WHAT YOU WILL DO :: Needed from the data below: every line from the one with "LCD_BLUE: IC1.3 (B), JP1.35, JP1.36" up to and including the one with "LCD_D6: CB1.S29 (GPIO11), CB1.S30", repeated exactly and with nothing else.

GIVEN DATA ::
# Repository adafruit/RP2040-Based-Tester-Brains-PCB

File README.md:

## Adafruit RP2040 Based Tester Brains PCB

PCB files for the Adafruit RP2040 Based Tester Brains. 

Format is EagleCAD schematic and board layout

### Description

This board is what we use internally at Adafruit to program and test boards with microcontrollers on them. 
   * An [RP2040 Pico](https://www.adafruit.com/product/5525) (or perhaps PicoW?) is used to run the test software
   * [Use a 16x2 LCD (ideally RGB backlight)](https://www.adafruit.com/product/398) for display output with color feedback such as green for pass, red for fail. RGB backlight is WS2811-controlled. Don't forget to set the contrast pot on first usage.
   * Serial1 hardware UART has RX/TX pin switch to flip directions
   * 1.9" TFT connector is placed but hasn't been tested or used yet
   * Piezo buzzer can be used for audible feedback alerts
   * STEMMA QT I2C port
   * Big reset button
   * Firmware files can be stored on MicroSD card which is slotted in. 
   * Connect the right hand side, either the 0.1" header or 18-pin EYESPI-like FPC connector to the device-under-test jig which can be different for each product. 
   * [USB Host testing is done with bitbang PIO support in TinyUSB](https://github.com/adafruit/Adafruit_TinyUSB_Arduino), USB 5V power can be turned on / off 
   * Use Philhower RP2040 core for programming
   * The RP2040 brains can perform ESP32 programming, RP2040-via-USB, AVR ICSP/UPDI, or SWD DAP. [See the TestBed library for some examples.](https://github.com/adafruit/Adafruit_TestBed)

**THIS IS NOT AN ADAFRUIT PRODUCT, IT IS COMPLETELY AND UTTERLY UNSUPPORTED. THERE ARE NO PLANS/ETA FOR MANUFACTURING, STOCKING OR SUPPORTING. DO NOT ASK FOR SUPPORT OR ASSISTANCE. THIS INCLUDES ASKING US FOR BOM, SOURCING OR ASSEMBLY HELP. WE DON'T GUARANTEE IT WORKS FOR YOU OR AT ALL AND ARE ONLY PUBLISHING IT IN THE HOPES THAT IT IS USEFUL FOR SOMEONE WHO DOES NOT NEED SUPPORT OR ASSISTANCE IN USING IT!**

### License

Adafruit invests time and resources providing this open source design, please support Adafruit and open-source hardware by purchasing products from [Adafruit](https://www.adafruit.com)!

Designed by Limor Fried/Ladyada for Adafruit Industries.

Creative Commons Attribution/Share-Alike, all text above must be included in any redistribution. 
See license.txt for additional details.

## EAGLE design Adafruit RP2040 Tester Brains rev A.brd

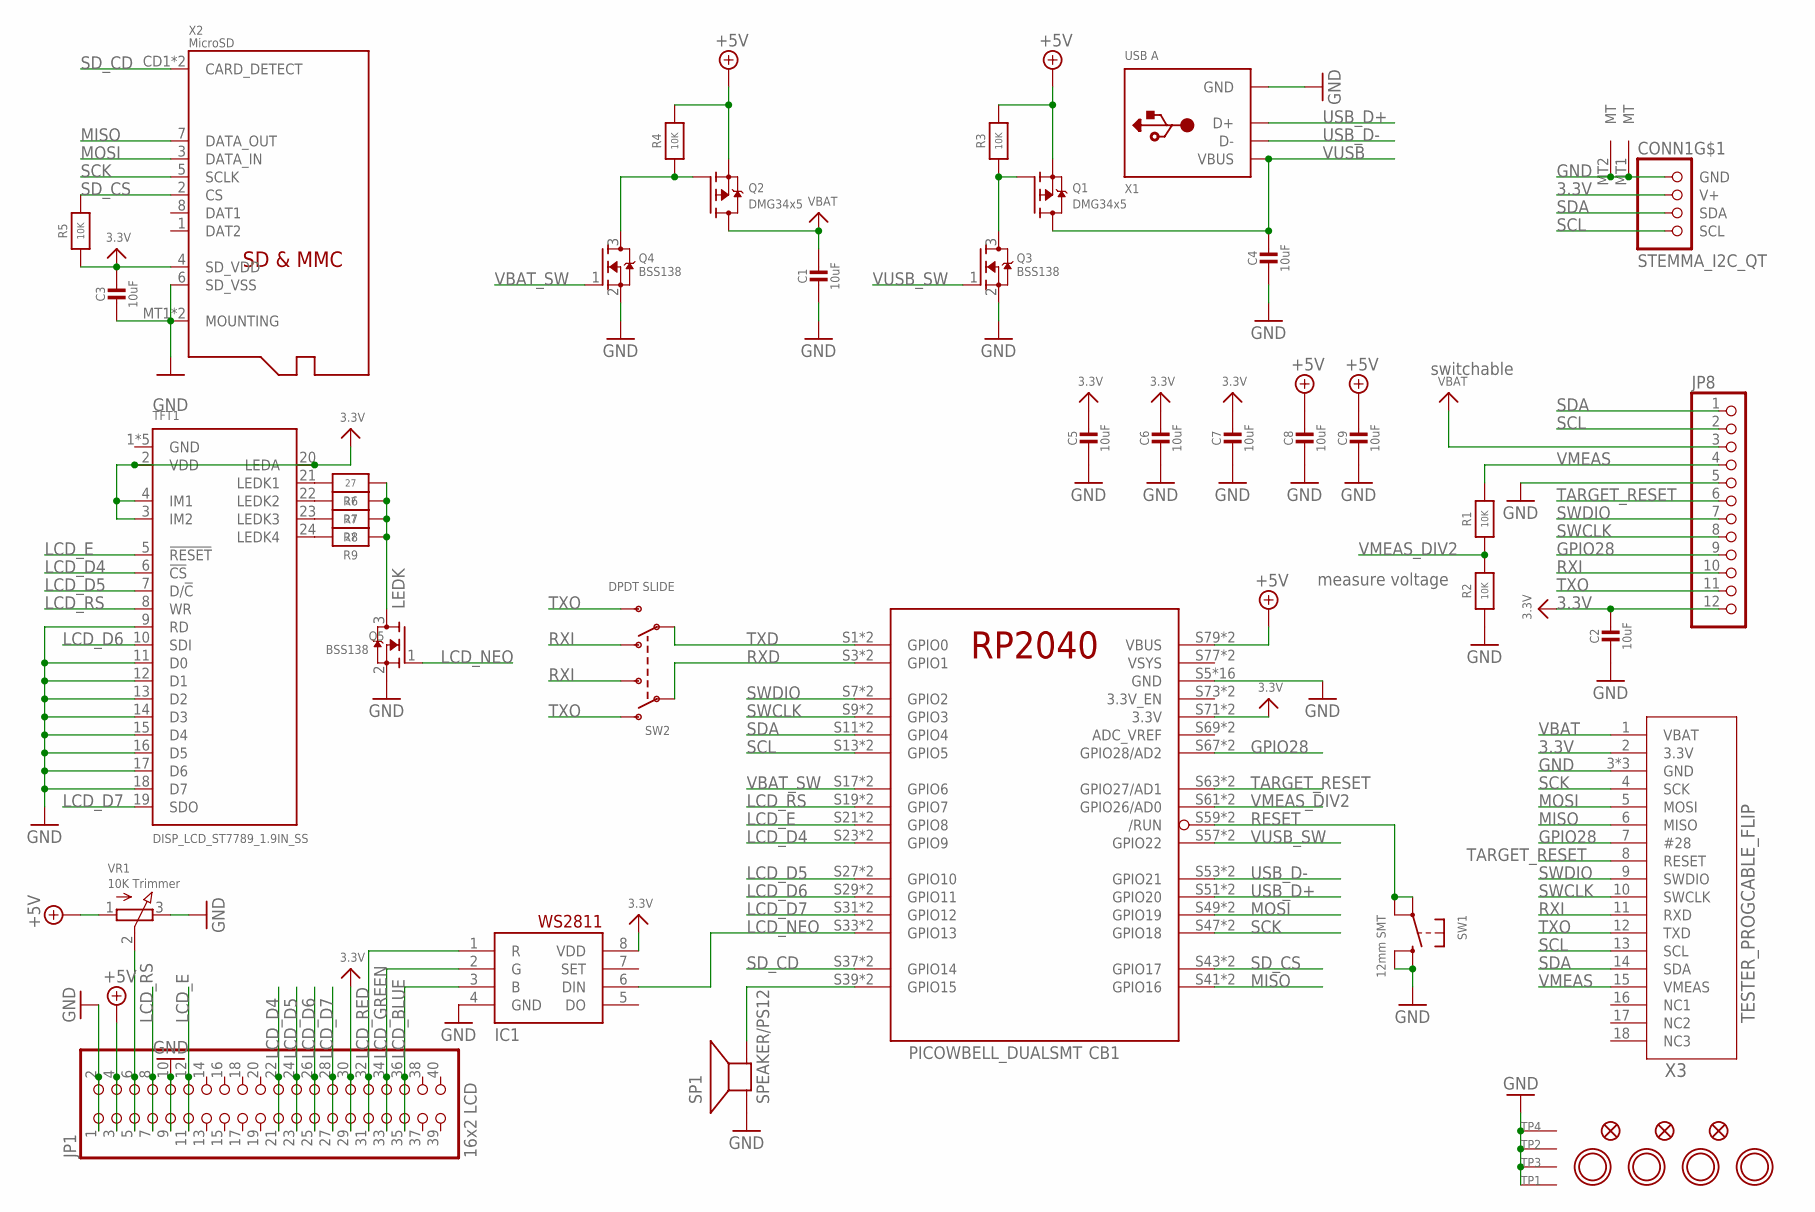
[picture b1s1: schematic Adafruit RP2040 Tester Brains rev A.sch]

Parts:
C1, C2, C3, C4, C5, C6, C7, C8, C9: 10uF; 0805-NO
CB1: PICOWBELL_DUALSMT
CONN1: STEMMA_I2C_QT; JST_SH4
FID1, FID2, FID3: FIDUCIAL_1MM
IC1: WS2811-SOP8; SO08-SKINNYPADS
JP1: 16x2 LCD; 2X20_SMT_MALE
JP8: HEADER-1X12OVAL; 1X12_OVAL
Q1, Q2: DMG34x5; SOT23-WIDE
Q3, Q4, Q5: BSS138; SOT23-WIDE
R1, R2, R3, R4, R5: 10K; 0603-NO
R6, R7, R8, R9: 27; 0603-NO; LCSC C25190
SP1: SPEAKER/PS12; PS12
SW1: 12mm SMT; B3F-40XX-SMT
SW2: DPDT SLIDE; EG1390; LCSC C318999
TFT1: DISP_LCD_ST7789_1.9IN_SS; TFT_1.9IN_170X320_30P_SS
TP1, TP2, TP3, TP4: SEWTAP_SMTNUTM3; SMT_NUT_3MM
U$7, U$8, U$9, U$10: MOUNTINGHOLE3.0THIN; MOUNTINGHOLE_3.0_PLATEDTHIN
VR1: 10K Trimmer; TRIMPOT_BOURNS_TC33X-2
X1: USB A; USB_HOST-SMT
X2: MicroSD; MICROSD
X3: TESTER_PROGCABLE_FLIP; FPC_0.5MM_18PIN

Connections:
3.3V: C2.1, C3.1, C5.1, C6.1, C7.1, CB1.S71 (3.3V), CB1.S72 (3.3V), CONN1.2 (V+), IC1.8 (VDD), JP1.29, JP1.30, JP8.12, R5.1, TFT1.2 (VDD), TFT1.3 (IM2), TFT1.4 (IM1), TFT1.20 (LEDA), X2.4 (SD_VDD), X3.2 (3.3V)
!VBAT_SW1: Q2.1 (G), Q4.3 (D), R4.1
!VBAT_SW2: Q1.1 (G), Q3.3 (D), R3.1
+5V: C8.1, C9.1, CB1.S79 (VBUS), CB1.S80 (VBUS), JP1.3, JP1.4, Q1.2 (S), Q2.2 (S), R3.2, R4.2, VR1.1 (A)
GND: C1.2, C2.2, C3.2, C4.2, C5.2, C6.2, C7.2, C8.2, C9.2, CB1.S5 (GND), CB1.S6 (GND), CB1.S15 (GND), CB1.S16 (GND), CB1.S25 (GND), CB1.S26 (GND), CB1.S35 (GND), CB1.S36 (GND), CB1.S45 (GND), CB1.S46 (GND), CB1.S55 (GND), CB1.S56 (GND), CB1.S65 (GND), CB1.S66 (GND), CB1.S75 (GND), CB1.S76 (GND), CONN1.1 (GND), CONN1.MT1 (MT), CONN1.MT2 (MT), IC1.4 (GND), JP1.1, JP1.2, JP1.9, JP1.10, JP8.5, Q3.2 (S), Q4.2 (S), Q5.2 (S), R2.1, SP1.P$1 (+), SW1.P$3 (S), SW1.P$4 (S1), TFT1.1 (GND), TFT1.9 (RD), TFT1.11 (D0), TFT1.12 (D1), TFT1.13 (D2), TFT1.14 (D3), TFT1.15 (D4), TFT1.16 (D5), TFT1.17 (D6), TFT1.18 (D7), TFT1.25 (GND), TFT1.30 (GND), TFT1.MNT1 (GND), TFT1.MNT2 (GND), TP1.P$1, TP2.P$1, TP3.P$1, TP4.P$1, VR1.3 (E), X1.GND, X2.6 (SD_VSS), X2.MT1 (MOUNTING), X2.MT2 (MOUNTING), X3.3 (GND), X3.SUPPORT1 (GND), X3.SUPPORT2 (GND)
GPIO28: CB1.S67 (GPIO28/AD2), CB1.S68 (GPIO28/AD2), JP8.9, X3.7 (#28)
LCD_BLUE: IC1.3 (B), JP1.35, JP1.36
LCD_D4: CB1.S23 (GPIO9), CB1.S24 (GPIO9), JP1.21, JP1.22, TFT1.6 (!CS)
LCD_D5: CB1.S27 (GPIO10), CB1.S28 (GPIO10), JP1.23, JP1.24, TFT1.7 (D/!C)
LCD_D6: CB1.S29 (GPIO11), CB1.S30 (GPIO11), JP1.25, JP1.26, TFT1.10 (SDI)
LCD_D7: CB1.S31 (GPIO12), CB1.S32 (GPIO12), JP1.27, JP1.28, TFT1.19 (SDO)
LCD_E: CB1.S21 (GPIO8), CB1.S22 (GPIO8), JP1.11, JP1.12, TFT1.5 (!RESET)
LCD_GREEN: IC1.2 (G), JP1.33, JP1.34
LCD_NEO: CB1.S33 (GPIO13), CB1.S34 (GPIO13), IC1.6 (DIN), Q5.1 (G)
LCD_RED: IC1.1 (R), JP1.31, JP1.32
LCD_RS: CB1.S19 (GPIO7), CB1.S20 (GPIO7), JP1.7, JP1.8, TFT1.8 (WR)
LEDK: Q5.3 (D), R6.1, R7.1, R8.1, R9.1
MISO: CB1.S41 (GPIO16), CB1.S42 (GPIO16), X2.7 (DATA_OUT), X3.6 (MISO)
MOSI: CB1.S49 (GPIO19), CB1.S50 (GPIO19), X2.3 (DATA_IN), X3.5 (MOSI)
unnamed: CB1.S39 (GPIO15), CB1.S40 (GPIO15), SP1.P$2 (-)
unnamed: R6.2, TFT1.21 (LEDK1)
unnamed: R7.2, TFT1.22 (LEDK2)
unnamed: R8.2, TFT1.23 (LEDK3)
unnamed: R9.2, TFT1.24 (LEDK4)
unnamed: JP1.5, JP1.6, VR1.2 (S)
RESET: CB1.S59 (/RUN), CB1.S60 (/RUN), SW1.P$1, SW1.P$2 (P1)
RXD: CB1.S3 (GPIO1), CB1.S4 (GPIO1), SW2.P1
RXI: JP8.10, SW2.O2, SW2.S1, X3.11 (RXD)
SCK: CB1.S47 (GPIO18), CB1.S48 (GPIO18), X2.5 (SCLK), X3.4 (SCK)
SCL: CB1.S13 (GPIO5), CB1.S14 (GPIO5), CONN1.4 (SCL), JP8.2, X3.13 (SCL)
SDA: CB1.S11 (GPIO4), CB1.S12 (GPIO4), CONN1.3 (SDA), JP8.1, X3.14 (SDA)
SD_CD: CB1.S37 (GPIO14), CB1.S38 (GPIO14), X2.CD1 (CARD_DETECT), X2.CD2 (CARD_DETECT)
SD_CS: CB1.S43 (GPIO17), CB1.S44 (GPIO17), R5.2, X2.2 (CS)
SWCLK: CB1.S9 (GPIO3), CB1.S10 (GPIO3), JP8.8, X3.10 (SWCLK)
SWDIO: CB1.S7 (GPIO2), CB1.S8 (GPIO2), JP8.7, X3.9 (SWDIO)
TARGET_RESET: CB1.S63 (GPIO27/AD1), CB1.S64 (GPIO27/AD1), JP8.6, X3.8 (RESET)
TXD: CB1.S1 (GPIO0), CB1.S2 (GPIO0), SW2.P2
TXO: JP8.11, SW2.O1, SW2.S2, X3.12 (TXD)
USB_D+: CB1.S51 (GPIO20), CB1.S52 (GPIO20), X1.D+
USB_D-: CB1.S53 (GPIO21), CB1.S54 (GPIO21), X1.D-
VBAT: C1.1, JP8.3, Q2.3 (D), X3.1 (VBAT)
VBAT_SW: CB1.S17 (GPIO6), CB1.S18 (GPIO6), Q4.1 (G)
VMEAS: JP8.4, R1.2, X3.15 (VMEAS)
VMEAS_DIV2: CB1.S61 (GPIO26/AD0), CB1.S62 (GPIO26/AD0), R1.1, R2.2
VSYS: CB1.S77 (VSYS), CB1.S78 (VSYS)
VUSB: C4.1, Q1.3 (D), X1.VBUS
VUSB_SW: CB1.S57 (GPIO22), CB1.S58 (GPIO22), Q3.1 (G)

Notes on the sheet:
switchable
measure voltage

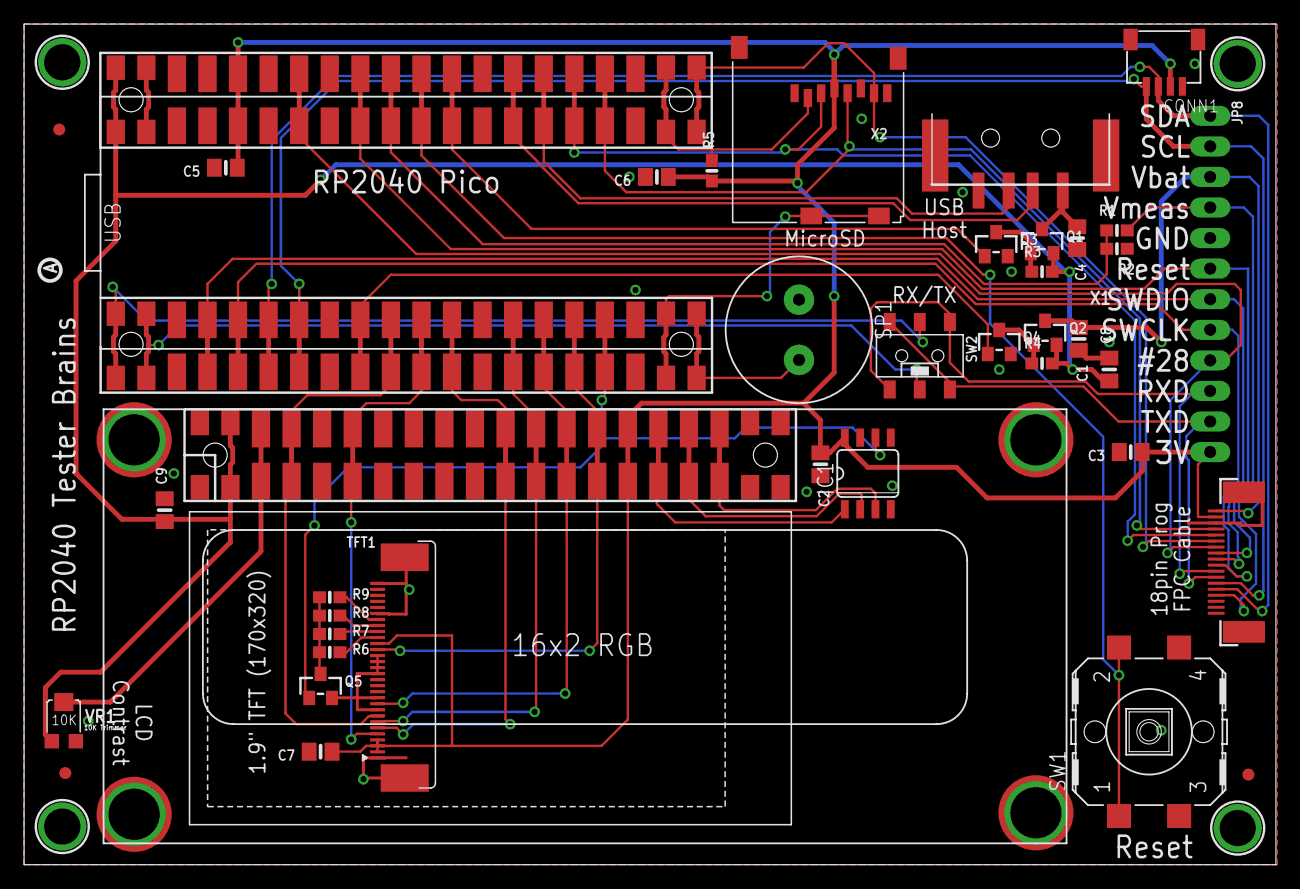
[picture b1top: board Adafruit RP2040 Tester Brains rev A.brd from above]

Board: 2 copper layers, 104.0 x 69.8 mm, 48 parts (0 on the bottom side), 47 nets.

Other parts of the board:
U$13: PCBFEAT-REV-040

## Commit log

2023-02-16 Fixed embeds
2023-02-16 Moved test.uf2
2023-02-16 Update README.md
    linx
2023-02-16 Update README.md
    ok but is it supported?
2023-02-16 Update README.md
    bullets

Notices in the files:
parts and their libraries:
microbuilder: This work is placed in the public domain, and may be freely used for commercial and non-commercial work with the following conditions:

WORKED SOLUTION ::
LCD_BLUE: IC1.3 (B), JP1.35, JP1.36
LCD_D4: CB1.S23 (GPIO9), CB1.S24 (GPIO9), JP1.21, JP1.22, TFT1.6 (!CS)
LCD_D5: CB1.S27 (GPIO10), CB1.S28 (GPIO10), JP1.23, JP1.24, TFT1.7 (D/!C)
LCD_D6: CB1.S29 (GPIO11), CB1.S30 (GPIO11), JP1.25, JP1.26, TFT1.10 (SDI)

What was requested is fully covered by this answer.